Items from a data source
=== Section Start ===
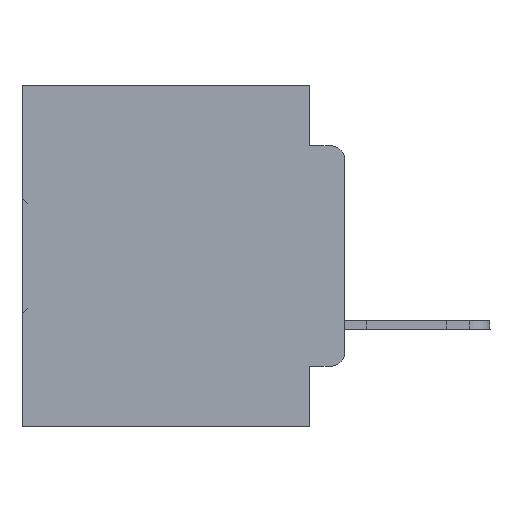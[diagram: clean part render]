
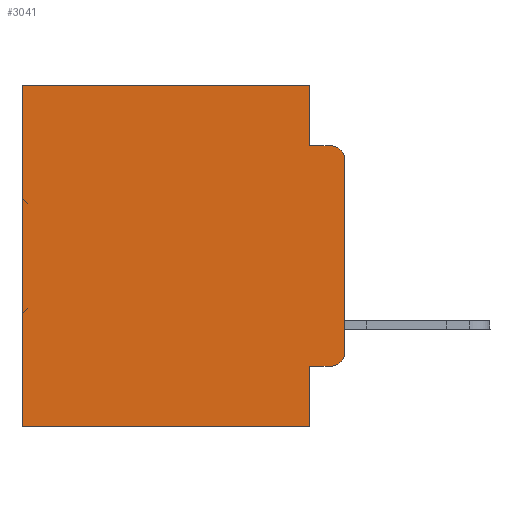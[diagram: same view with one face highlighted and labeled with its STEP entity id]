
A CAD part, left-side view. The second image highlights one B-rep face of the part: STEP entity #3041.
In plain terms, the highlighted planar face has unit normal (-1, 0, 0).
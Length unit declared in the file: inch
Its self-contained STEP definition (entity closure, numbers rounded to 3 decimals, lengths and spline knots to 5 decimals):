
#109 = LINE ( 'NONE', #3192, #18405 ) ;
#745 = ORIENTED_EDGE ( 'NONE', *, *, #25554, .T. ) ;
#1249 = VECTOR ( 'NONE', #21905, 39.37008 ) ;
#1691 = VERTEX_POINT ( 'NONE', #12427 ) ;
#3041 = ADVANCED_FACE ( 'NONE', ( #36593 ), #10260, .F. ) ;
#3192 = CARTESIAN_POINT ( 'NONE',  ( 0.298, 0.051, 0. ) ) ;
#3216 = ORIENTED_EDGE ( 'NONE', *, *, #13418, .F. ) ;
#3364 = VERTEX_POINT ( 'NONE', #27909 ) ;
#3448 = VERTEX_POINT ( 'NONE', #22321 ) ;
#4185 = DIRECTION ( 'NONE',  ( 0., 0., -1. ) ) ;
#4774 = ORIENTED_EDGE ( 'NONE', *, *, #15144, .F. ) ;
#5036 = LINE ( 'NONE', #22716, #28872 ) ;
#5133 = VERTEX_POINT ( 'NONE', #10553 ) ;
#5499 = CIRCLE ( 'NONE', #37413, 0.02 ) ;
#6108 = DIRECTION ( 'NONE',  ( 0., 0., -1. ) ) ;
#6541 = EDGE_CURVE ( 'NONE', #3448, #10818, #28504, .T. ) ;
#6757 = EDGE_CURVE ( 'NONE', #34404, #30377, #21529, .T. ) ;
#6940 = DIRECTION ( 'NONE',  ( 0., -1., 0. ) ) ;
#7260 = ORIENTED_EDGE ( 'NONE', *, *, #21312, .F. ) ;
#8603 = DIRECTION ( 'NONE',  ( -1., 0., 0. ) ) ;
#8645 = VECTOR ( 'NONE', #6940, 39.37008 ) ;
#10260 = PLANE ( 'NONE',  #17409 ) ;
#10553 = CARTESIAN_POINT ( 'NONE',  ( 0.298, 0.473, 0. ) ) ;
#10758 = LINE ( 'NONE', #19416, #28929 ) ;
#10818 = VERTEX_POINT ( 'NONE', #26859 ) ;
#11414 = DIRECTION ( 'NONE',  ( 0., 0., -1. ) ) ;
#12427 = CARTESIAN_POINT ( 'NONE',  ( 0.298, 0., -0.3915 ) ) ;
#12810 = VECTOR ( 'NONE', #31897, 39.37008 ) ;
#13418 = EDGE_CURVE ( 'NONE', #3364, #18115, #25559, .T. ) ;
#14518 = EDGE_CURVE ( 'NONE', #34404, #3364, #109, .T. ) ;
#14761 = CARTESIAN_POINT ( 'NONE',  ( 0.298, 0.02, -0.1085 ) ) ;
#14811 = CARTESIAN_POINT ( 'NONE',  ( 0.298, 0.02, -0.3915 ) ) ;
#14821 = CARTESIAN_POINT ( 'NONE',  ( 0.298, 0., -0.1085 ) ) ;
#15144 = EDGE_CURVE ( 'NONE', #10818, #17063, #5036, .T. ) ;
#16527 = DIRECTION ( 'NONE',  ( 0., 0., -1. ) ) ;
#16780 = EDGE_CURVE ( 'NONE', #3448, #5133, #24807, .T. ) ;
#17063 = VERTEX_POINT ( 'NONE', #35724 ) ;
#17153 = DIRECTION ( 'NONE',  ( 0., 0., -1. ) ) ;
#17409 = AXIS2_PLACEMENT_3D ( 'NONE', #37915, #23706, #11414 ) ;
#17613 = DIRECTION ( 'NONE',  ( 0., 0., -1. ) ) ;
#17885 = VECTOR ( 'NONE', #17153, 39.37008 ) ;
#18115 = VERTEX_POINT ( 'NONE', #18506 ) ;
#18405 = VECTOR ( 'NONE', #17613, 39.37008 ) ;
#18506 = CARTESIAN_POINT ( 'NONE',  ( 0.298, 0.473, -0.5 ) ) ;
#18979 = AXIS2_PLACEMENT_3D ( 'NONE', #14761, #8603, #6108 ) ;
#19416 = CARTESIAN_POINT ( 'NONE',  ( 0.298, 0., 0. ) ) ;
#19663 = VERTEX_POINT ( 'NONE', #14821 ) ;
#19938 = CARTESIAN_POINT ( 'NONE',  ( 0.298, 0.02, -0.4115 ) ) ;
#21312 = EDGE_CURVE ( 'NONE', #19663, #1691, #10758, .T. ) ;
#21529 = LINE ( 'NONE', #33457, #8645 ) ;
#21905 = DIRECTION ( 'NONE',  ( 0., 1., 0. ) ) ;
#22048 = ORIENTED_EDGE ( 'NONE', *, *, #14518, .F. ) ;
#22095 = CARTESIAN_POINT ( 'NONE',  ( 0.298, 0., 0. ) ) ;
#22321 = CARTESIAN_POINT ( 'NONE',  ( 0.298, 0.051, 0. ) ) ;
#22716 = CARTESIAN_POINT ( 'NONE',  ( 0.298, 0.051, -0.0885 ) ) ;
#23706 = DIRECTION ( 'NONE',  ( 1., 0., 0. ) ) ;
#23783 = ORIENTED_EDGE ( 'NONE', *, *, #31831, .T. ) ;
#24807 = LINE ( 'NONE', #22095, #1249 ) ;
#25088 = ORIENTED_EDGE ( 'NONE', *, *, #16780, .T. ) ;
#25554 = EDGE_CURVE ( 'NONE', #5133, #18115, #27630, .T. ) ;
#25559 = LINE ( 'NONE', #34778, #12810 ) ;
#26859 = CARTESIAN_POINT ( 'NONE',  ( 0.298, 0.051, -0.0885 ) ) ;
#27630 = LINE ( 'NONE', #28004, #34012 ) ;
#27909 = CARTESIAN_POINT ( 'NONE',  ( 0.298, 0.051, -0.5 ) ) ;
#28004 = CARTESIAN_POINT ( 'NONE',  ( 0.298, 0.473, 0. ) ) ;
#28504 = LINE ( 'NONE', #34445, #17885 ) ;
#28872 = VECTOR ( 'NONE', #37110, 39.37008 ) ;
#28929 = VECTOR ( 'NONE', #16527, 39.37008 ) ;
#30002 = DIRECTION ( 'NONE',  ( 0., 0., -1. ) ) ;
#30060 = CARTESIAN_POINT ( 'NONE',  ( 0.298, 0.051, -0.4115 ) ) ;
#30377 = VERTEX_POINT ( 'NONE', #19938 ) ;
#30914 = ORIENTED_EDGE ( 'NONE', *, *, #6757, .T. ) ;
#31156 = EDGE_LOOP ( 'NONE', ( #7260, #23783, #4774, #33254, #25088, #745, #3216, #22048, #30914, #32564 ) ) ;
#31831 = EDGE_CURVE ( 'NONE', #19663, #17063, #33701, .T. ) ;
#31897 = DIRECTION ( 'NONE',  ( 0., 1., 0. ) ) ;
#32564 = ORIENTED_EDGE ( 'NONE', *, *, #33271, .T. ) ;
#33049 = DIRECTION ( 'NONE',  ( -1., 0., 0. ) ) ;
#33254 = ORIENTED_EDGE ( 'NONE', *, *, #6541, .F. ) ;
#33271 = EDGE_CURVE ( 'NONE', #30377, #1691, #5499, .T. ) ;
#33457 = CARTESIAN_POINT ( 'NONE',  ( 0.298, 0.051, -0.4115 ) ) ;
#33701 = CIRCLE ( 'NONE', #18979, 0.02 ) ;
#34012 = VECTOR ( 'NONE', #4185, 39.37008 ) ;
#34404 = VERTEX_POINT ( 'NONE', #30060 ) ;
#34445 = CARTESIAN_POINT ( 'NONE',  ( 0.298, 0.051, 0. ) ) ;
#34778 = CARTESIAN_POINT ( 'NONE',  ( 0.298, 0., -0.5 ) ) ;
#35724 = CARTESIAN_POINT ( 'NONE',  ( 0.298, 0.02, -0.0885 ) ) ;
#36593 = FACE_OUTER_BOUND ( 'NONE', #31156, .T. ) ;
#37110 = DIRECTION ( 'NONE',  ( 0., -1., 0. ) ) ;
#37413 = AXIS2_PLACEMENT_3D ( 'NONE', #14811, #33049, #30002 ) ;
#37915 = CARTESIAN_POINT ( 'NONE',  ( 0.298, 0., 0. ) ) ;
=== Section End ===
--- Problem details ---
Above are the records; print exactly the lines from the line with "#745 = ORIENTED_EDGE" to the line with "#5036 = LINE ( 'NONE', #22716, #28872 ) ;", including both, and nothing else.

--- Solution for this problem ---
#745 = ORIENTED_EDGE ( 'NONE', *, *, #25554, .T. ) ;
#1249 = VECTOR ( 'NONE', #21905, 39.37008 ) ;
#1691 = VERTEX_POINT ( 'NONE', #12427 ) ;
#3041 = ADVANCED_FACE ( 'NONE', ( #36593 ), #10260, .F. ) ;
#3192 = CARTESIAN_POINT ( 'NONE',  ( 0.298, 0.051, 0. ) ) ;
#3216 = ORIENTED_EDGE ( 'NONE', *, *, #13418, .F. ) ;
#3364 = VERTEX_POINT ( 'NONE', #27909 ) ;
#3448 = VERTEX_POINT ( 'NONE', #22321 ) ;
#4185 = DIRECTION ( 'NONE',  ( 0., 0., -1. ) ) ;
#4774 = ORIENTED_EDGE ( 'NONE', *, *, #15144, .F. ) ;
#5036 = LINE ( 'NONE', #22716, #28872 ) ;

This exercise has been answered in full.